By contrasting data from health surveys carried out between 1999 and 2003 researchers from University College London uncovered the true extent of the difference in health between the two groups, both aged between 55 and 64.
While high blood pressure was ten per cent more likely in middle-aged US citizens, heart disease was 50 per cent higher and diabetes was nearly twice as likely, the study showed.
“You don’t expect the health of middle-aged people in these two countries to be too different, but we found that the English are a lot healthier than the Americans,” commented one of the study’s authors, Professor James Smith.

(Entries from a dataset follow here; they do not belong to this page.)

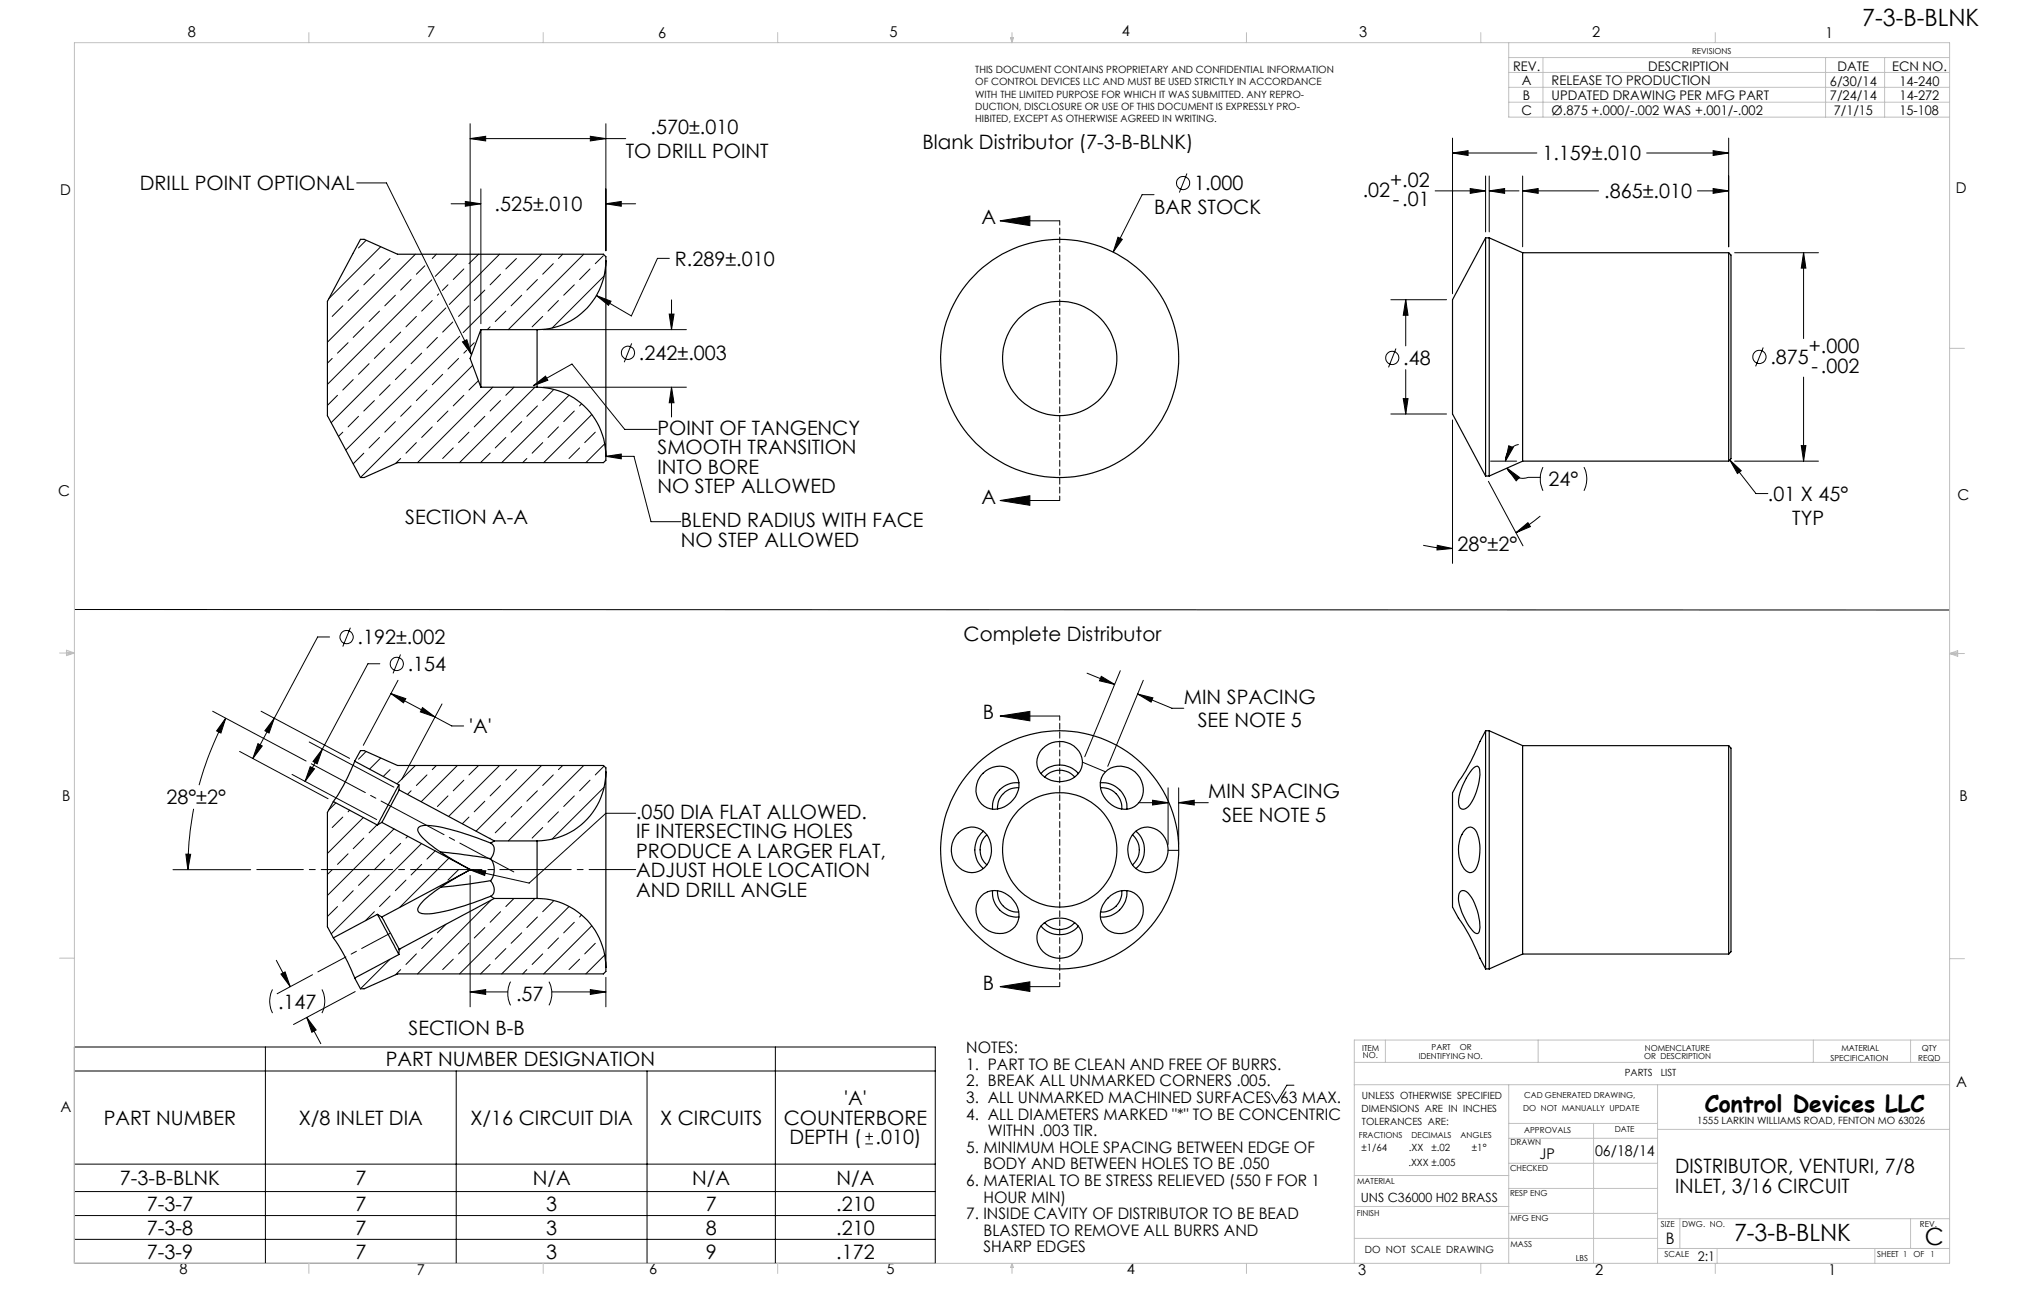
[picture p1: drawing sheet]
<svg xmlns="http://www.w3.org/2000/svg" width="432mm" height="279mm" viewBox="0 0 432 279" stroke-linecap="round" stroke-linejoin="round" font-family="sans-serif">
<g fill="none" stroke="#000" stroke-width=".21">
<path d="M76.1 39h6.3l18.2 36.6M100.3 29.6l3.3-.5v1zM100.3 26.4v48.8M100.3 29.6h33.2M125.9 29.1l3.4 .5-3.4 .5zM129.3 26.4v27.1M253.2 37l-1.6 4.1M309.9 32.6l3.3-.5v1.1zM309.9 29.5v33.2M309.9 32.6h18M316.9 37.5v12M317.7 37.5v12"/>
<path d="M324.8 37.5v15.1M351.3 32.6h17.5M365.5 32.1l3.3 .5-3.3 .6zM368.8 29.5v23.1M75.4 54l-.1 .1M78.1 51.3l-1.6 1.6M79.9 58.5l-2.3 2.2M81.2 52.6l-11.1 11.1M83.2 55.1l-2.2 2.3M87.7 59.6l-2.2 2.3M88.6 54.2l-18.8 18.8M90.6 56.7l-1.8 1.8"/>
<path d="M92.1 59.7l-22.3 22.3M93.1 54.2l-.9 .9M96.2 43.5h6.4M97.6 54.2l-4.7 4.7M99 57.4l-2.3 2.2M99.3 43l3.3 .5-3.3 .5zM102.1 54.2l-2.1 2M102.6 40.3v28.7M106.6 54.2l-10.8 10.7M106.8 58.5l-2.2 2.2M110.2 55.1l-2.3 2.3M114.7 59.6l-2.3 2.3"/>
<path d="M115.5 54.2l-16.7 16.7M118 56.2l-2.2 2.3M120.1 54.2l-1 .9M124.5 54.2l-16.1 16.1M125.9 57.4l-2.3 2.2M128.7 54.5l-1.7 1.7M128.9 58.8l-11.1 11.2M129.3 43.5l3.2-.5v1zM129.3 43.5h6.3M142.8 55.1h-2.5l-5.6 12.3-7.5-4.4M213.4 47.1l6.3-1v2zM213.4 47.1h12.7"/>
<path d="M238.5 50.6l.9 .4-1.9 2.8zM246.2 41.5h-2.5l-6.2 12.3M306.2 40.7h10.7M313.7 40.2l3.2 .5-3.2 .5zM317.7 40.7l3.3-.5v1zM317.7 40.7h6.4M324.8 40.7l3.4-.5v1zM324.8 40.7h16.2M362.1 40.7h6.7M365.5 40.2l3.3 .5-3.3 .5zM370.1 53.9h17.8M384.8 53.9l.5 3.3h-1z"/>
<path d="M384.8 53.9v18.3M70.9 76.4l-1.1 1.1M73.1 65.2l-2.2 2.3M74.3 73.1l-2.3 2.2M76.5 61.9l-2.2 2.2M77.6 69.7l-2.2 2.3M78.7 77.6l-2.2 2.2M81 66.4l-2.3 2.2M82.1 74.2l-2.2 2.2M84.3 63l-2.2 2.2M85.5 70.8l-2.3 2.3M86.6 78.7l-2.3 2.3"/>
<path d="M88.8 67.5l-2.2 2.2M90 75.3l-2.3 2.3M92.2 64.1l-2.2 2.3M93.3 72l-2.2 2.2M93.6 62.7l-.3 .3M94.4 79.8l-2.2 2.3M95.1 65.7l-24.4 24.4M95.6 60.7l-1.2 1.2M96.6 68.7l-2.2 2.1M97.8 76.4l-2.2 2.3M98.1 71.7l-24.3 24.3M98.7 72.9l.9-.4 1 3.1z"/>
<path d="M99.6 74.7l-.6 .6M100 65.2l-2.2 2.3M100.8 77.9l-23.9 23.9M101.2 73.1l-.9 .8M103.4 61.9l-2.2 2.2M104.6 69.7l-.6 .6M107.9 66.4l-2.2 2.2M111.3 63l-2.3 2.2M115.8 67.5l-2.3 2.2M115.9 70.3h30.5M119.1 64.1l-2.2 2.3M122.5 60.7l-2.2 2.3"/>
<path d="M127.2 63l3.2 1.2-.6 .9zM134.8 73.2l-1.6 4.1M142.8 67h1l-.5 3.3zM143.3 64v6.3M296.7 63.9h11.9M297.8 74.3l-1.6 4.1M299.9 63.9l.5 3.3h-1zM299.9 63.9v9.9M299.9 78.8v9.5M376.2 74.1l-1.7 4M72 84.3l-2.2 2.2M73.1 92.2l-.9 .9"/>
<path d="M75.4 81l-2.3 2.2M76.5 88.8l-2.2 2.3M77.6 96.7l-2.2 2.2M79.9 85.4l-2.3 2.3M81 93.3l-2.3 2.2M83.2 82.1l-2.2 2.2M84.3 89.9l-2.2 2.3M85.5 97.8l-1.1 1M87.7 86.6l-2.2 2.2M88.8 94.4l-2.2 2.3M91.1 83.2l-2.3 2.2M92.2 91.1l-2.2 2.2"/>
<path d="M95.6 87.7l-2.3 2.2M96.7 95.5l-2.3 2.3M99 84.3l-2.3 2.3M100 92.2l-2.2 2.2M102.1 81.2l-2.1 2M103.4 88.8l-2.2 2.3M104.6 96.7l-2.1 2M105.1 82.6l-16 16.1M106.8 85.4l-2.2 2.3M107.9 93.3l-2.2 2.2M109.6 82.6l-1.7 1.7M111.3 89.9l-2.3 2.3"/>
<path d="M112.4 97.8l-.9 .9M113.8 82.3l2.6-2.1 .5 .9zM113.8 82.3l8.2-4.7 11.3 14h6.9M114.1 82.6l-16.1 16.1M114.7 86.6l-2.3 2.2M115.8 94.4l-2.3 2.3M115.9 82.6h30.5M118 83.2l-2.2 2.2M119.1 91.1l-2.2 2.2M121.4 84.3l-14.4 14.4M122.5 87.7l-2.2 2.2M123.6 95.5l-2.2 2.3"/>
<path d="M124.1 86.1l-.5 .5M126.3 88.4l-10.3 10.3M127 92.2l-2.3 2.2M129 94.7l-4 4M129.3 97.3l3.2-.5v1.1zM129.3 97.3h6l3.6 14h6.3M143.3 82.6l.5 3.3h-1zM143.3 82.6v6.3M296.7 88.3h11.9M299.4 85h1l-.5 3.3zM309.9 89.6v30.6M318 98.4h5.6"/>
<path d="M321.5 99.8l2.7 2-.7 .8zM321.5 99.8a3.7 3.7 0 0 0 4.6 2h2.5M321.9 95.1l.9 .4-1.6 2.9zM324 94.8a3.6 3.6 0 0 0-2.8 3.6M329.2 99.6a5.9 5.9 0 0 0 0 5.1M337.9 99.6a5.6 5.6 0 0 1 0 5.1M369 98.1l2.5 2.3-.8 .6zM369 98.1l5.6 7.2h2.6M370.1 98.4h17.8M384.3 95h1l-.5 3.4zM384.8 80.4v18M213.4 106.8l6.3-1.1v2.1z"/>
<path d="M213.4 106.8h12.7M303.6 116.3a25.4 25.4 0 0 0 6.3 .7M306.6 116.3l3.3 .7-3.3 .3zM317.5 102.7l7.4 13.7M323.4 113.6l2.6-2.1 .5 .8zM328.6 110.1a31 31 0 0 1-5.2 3.5M15.9 130l400 .1M70.3 135.9h-2.5l-13.9 25.9M74.8 133.9l-1.7 4M85.4 139.6l-1.5 4M45.4 151.7l19.9 10.6M48.2 153.2l-1.1 3.2-.9-.5z"/>
<path d="M48.2 153.2l-.6 1a67.6 67.6 0 0 0-5.1 13.3M55 158.6l1 .5-2.1 2.7zM55.7 151.7l18.9 10M58.5 153.2l-1.1 3.2-.9-.5zM66 158.3l18 9.6M68.8 159.7l-1.1 3.2-.9-.5zM68.8 159.7l-3.7 7M81 141.6h-2.5l-9.7 18.1M83.4 147.9l3.2 1.1-.5 .9zM83.4 147.9l9.4 5M84.9 145.1l-7.4 13.9M90.1 150.9l2.7 2-3.1-1.1z"/>
<path d="M92.8 152.9l3.6 1.9h2.5M94.3 150.1l-8.6 16.2M213.4 152.7l6.3-1v2zM213.4 152.7h12.7M231.9 143.6l5.9 2.4M234.9 144.3l2.9 1.7-3.2-.8zM239 143.1l-7.6 18.3M242.7 148l3.3 .8-.4 1zM242.7 148l7.3 3.1h2.6M243.9 145.1l-7.6 18.3M41.3 172.5a73.2 73.2 0 0 0-1.2 13M51.1 160.3l18.9 10.1"/>
<path d="M62.3 165.2l18.1 9.6M66.2 163.5l.9 .5-2 2.7zM71.6 171.2l-1.5 1.6M73.1 174.3l-2.2 2.2M74.6 172.8l-.3 .3M77.5 174.4l-7.6 7.6M77.6 178.8l-2.2 2.2M78.1 160.3l-1.6 1.6M80.4 175.9l-1.7 1.7M81.2 161.7l-2.4 2.3M83.2 164.1l-1.4 1.5M84.1 176.8l-14.2 14.2"/>
<path d="M85.5 179.9l-2.3 2.2M87 178.4l-.4 .4M87.7 168.7l-.8 .7M88.6 163.3l-3.9 3.9M89.9 179.9l-19.2 19.3M91.1 165.3l-2.3 2.2M93.1 163.3l-.9 .8M95.6 169.8l-2.3 2.2M97.6 163.3l-7.7 7.7M99 166.4l-2.3 2.3M100 174.3l-1.4 1.4M102.1 163.3l-2.1 2"/>
<path d="M103.4 170.9l-2.2 2.2M104.6 178.8h-.1M106.6 163.3l-10.9 10.8M106.8 167.5l-2.2 2.3M107.9 175.4l-2.2 2.2M110.2 164.1l-2.3 2.3M111.3 172l-2.3 2.3M114.7 168.7l-2.3 2.2M115.5 163.3l-13.9 14M115.8 176.5l-2.3 2.3M118 165.3l-2.2 2.2M119.1 173.1l-2.2 2.3"/>
<path d="M120.1 163.3l-1 .8M122.5 169.8l-2.2 2.2M124.5 163.3l-16.1 16.1M125.9 166.4l-2.3 2.3M128.9 163.4l-1.9 1.9M128.9 167.9l-11.1 11.1M135.6 173.5h-6.3l-16.4 14.8-12.6-2.8M230.9 162.6l4.9 2M242.9 171.2h6.3M245.9 170.7l3.3 .5-3.3 .5zM249.2 168v12.1M251.5 171.2l3.3-.5v1z"/>
<path d="M251.5 168v12.1M251.5 171.2h6.3M36.9 185.5h16.6M39.7 182.2h1l-.6 3.3zM70.9 185.5l-1 1M72 193.4l-2.1 2.1M74.3 182.1l-2.3 2.3M75.4 190l-2.3 2.2M78.7 186.6l-2.2 2.2M79.9 194.5l-1.9 1.9M82.1 183.2l-2.2 2.3M83.2 191.1l-2.2 2.3"/>
<path d="M86.6 187.7l-2.3 2.3M90 184.4l-2.3 2.2M92.9 181.5l-1.8 1.7M95.1 197.1l-1.8 1.9M95.8 183l-10.5 10.5M97.8 185.5l-2.2 2.2M100.3 185.5l3.3 .2-.2 1zM100.3 186.7v28M103.4 197.8l-2.2 2.3M104.8 192l-15.7 15.7M106.8 194.5l-2.2 2.2M109.6 191.6l-1.7 1.8"/>
<path d="M111.3 199l-2.3 2.2M114.1 191.6l-16.1 16.1M114.7 195.6l-2.3 2.2M118 192.2l-2.2 2.3M121.4 193.3l-14.4 14.4M122.5 196.7l-2.2 2.3M124.1 195.1l-.5 .5M126.3 197.4l-10.3 10.3M249.2 181.4h2.3M58.1 211a5.6 5.6 0 0 0 0 5.1M58.9 204.8l3 5.6M59.9 207.8l.9-.5 1.1 3.1z"/>
<path d="M65.4 217l2.1 2.7-1 .5zM65.4 217l3 5.6M66.7 207.9l-7.6 4M68.7 211a5.6 5.6 0 0 1 0 5.1M75.8 211.5l-13.2 7M83.2 204.6l-6.3 6.3M85.5 206.8l-1.1 1.1M85.5 202.3l-.3 .3M88.8 203.4l-2.2 2.3M92.2 200.1l-2.2 2.2M96.7 204.6l-2.3 2.2M100 201.2l-2.2 2.2"/>
<path d="M100.3 211.6l3.3-.5v1zM100.3 211.6h8M104.6 205.7l-2.1 2M107.9 202.3l-2.2 2.3M108.9 209.4a5.6 5.6 0 0 0 0 5M112.4 206.8l-.9 .9M115.8 203.4l-2.3 2.3M117.1 209.4a5.6 5.6 0 0 1 0 5M117.7 211.6h11.6M119.1 200.1l-2.2 2.2M123.6 204.6l-2.2 2.2M125.9 211.1l3.4 .5-3.4 .5z"/>
<path d="M127 201.2l-2.3 2.2M129 203.7l-4 4M129.3 208.5v6.2M213.4 210.4l6.3-1v2.1zM213.4 210.4h12.7M15.9 223.3h183.6v46.2h-183.6zM15.9 228.4h183.6M56.6 223.3v46.2M97.3 228.4v41.1M138 228.4v41.1M165.4 223.3v46.2M276 231.5h-1.5l-2.2 3.8-1.1-1.9"/>
<path d="M15.9 248.3h183.6M15.9 254.1h183.6M15.9 259.3h183.6M184.6 244h1.6M184.6 242.4h1.6M185.4 241.6v1.6M15.9 264.3h183.6"/>
<circle cx="252.4" cy="39" r="1.42"/>
<circle cx="134" cy="75.3" r="1.41"/>
<circle cx="297" cy="76.3" r="1.42"/>
<circle cx="375.3" cy="76.1" r="1.42"/>
<circle cx="73.9" cy="135.9" r="1.42"/>
<circle cx="84.7" cy="141.6" r="1.42"/>
</g>
<path d="M226.1 47.1v59.6" fill="none" stroke="#000" stroke-width=".21" stroke-dasharray="1.3 .6" stroke-dashoffset=".3"/>
<path d="M226.1 152.7v57.7" fill="none" stroke="#000" stroke-width=".21" stroke-dasharray="1.3 .6" stroke-dashoffset=".4"/>
<path d="M66.4 162.9l43.2 23.1" fill="none" stroke="#000" stroke-width=".21" stroke-dasharray="15.2 1.3 1.3 1.3" stroke-dashoffset="2.2"/>
<path d="M135.6 185.5h-80.8" fill="none" stroke="#000" stroke-width=".21" stroke-dasharray="15.2 1.3 1.3 1.3" stroke-dashoffset="5.3"/>
<path d="M67.8 207.3l15.3-8.2" fill="none" stroke="#000" stroke-width=".21" stroke-dasharray="15.2 1.3 1.3 1.3" stroke-dashoffset="8.5"/>
<g fill="none" stroke="#c0c0c0" stroke-width=".21">
<path d="M15.9 9.1h400v260.4h-400zM65.9 6.9v2.2M115.9 6.9v2.2M165.9 6.9v2.2M215.6 8h.6l-.3 1.1zM215.7 8l.2 1.1M215.9 6.9v2.2M216 8l-.1 1.1M265.9 6.9v2.2M315.9 6.9v2.2M321.9 9.1v15.9h94M321.9 15.5h94"/>
<path d="M321.9 18.6h94M321.9 12.3h94M329.2 12.3v12.7M365.9 6.9v2.2M389.5 12.3v12.7M402.1 12.3v12.7M321.9 21.8h94M415.9 74.3h3.2M12.7 139.3h3.2M14.2 139.1l1.7 .2M14.2 138.7l1.7 .6-1.7 .5zM15.9 139.3l-1.7 .3"/>
<path d="M415.9 139.4h3.2M415.9 139.4l1.8-.6v1.2zM415.9 139.4l1.8 .3M417.7 139.2l-1.8 .2M12.7 204.4h3.2M415.9 204.5h3.2M288.9 231.4h127M288.9 226.6h127M295.6 221.8v4.8M321.9 231.4v38.1M321.9 239.6h31.7M328.2 221.8v4.8"/>
<path d="M340 239.6v29.9M353.6 231.4v38.1M386.9 221.8v4.8M407.6 221.8v4.8M415.9 221.8h-127v47.7M288.9 257.3h33M288.9 250.7h33M321.9 258.8h31.7M321.9 253.5h31.7M321.9 248.1h31.7M321.9 242.8h31.7M353.6 259.9h62.3"/>
<path d="M353.6 240.9h62.3M358.4 259.9v6.4M407.6 259.9v6.4M65.9 269.5v2.1M115.9 269.5v2.1M165.9 269.5v2.1M215.9 269.5v2.1M215.9 269.5l.3 .8h-.6zM265.9 269.5v2.1M288.9 264.1h64.7M315.9 269.5v2.1M353.6 266.3h62.3"/>
<path d="M365.9 269.5v2.1M366.3 266.3v3.2M400 266.3v3.2"/>
</g>
<g fill="#000">
<path d="M213.4 47.1l6.3-1v2zM213.4 106.8l6.3-1.1v2.1zM213.4 152.7l6.3-1v2zM213.4 210.4l6.3-1v2.1z"/>
<path d="M238.5 50.6l-1 3.2 1.9-2.8zM384.3 95h1l-.5 3.4zM384.8 53.9l.5 3.3h-1zM324.8 40.7l3.4-.5v1zM365.5 40.2l3.3 .5-3.3 .5zM321.9 95.1l.9 .4-1.6 2.9zM321.5 99.8l2.7 2-.7 .8zM309.9 32.6l3.3-.5v1.1zM365.5 32.1l3.3 .5-3.3 .6zM317.7 40.7l3.3-.5v1zM313.7 40.2l3.2 .5-3.2 .5zM306.6 116.3l3.3 .7-3.3 .3zM323.4 113.6l2.6-2.1 .5 .8zM299.9 63.9l.5 3.3h-1zM299.4 85h1l-.5 3.3zM369 98.1l2.5 2.3-.8 .6zM142.8 67h1l-.5 3.3zM143.3 82.6l.5 3.3h-1zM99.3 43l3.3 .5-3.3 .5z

“It’s not just a difference in how people characterise their own health? the biological measures confirm there is a difference.”
Attempts to attribute the disparity to obvious lifestyle habits such as smoking, lack of exercise and drinking failed, leading researchers to link the health gap with obesity levels ? a worrying association for British middle-aged men and women.
“This may mean that over time the gap between England and the United States will begin to close,” Professor James Banks of the UCL Department of Economics explained.
“It may be that England’s shorter history of obesity or differences in childhood experiences create an advantage with respect to middle-aged Americans.”
British obesity rates of seven per cent in 1980 are now converging with those of the US, having risen to 23 per cent compared to the US’ 31 per cent by 2003.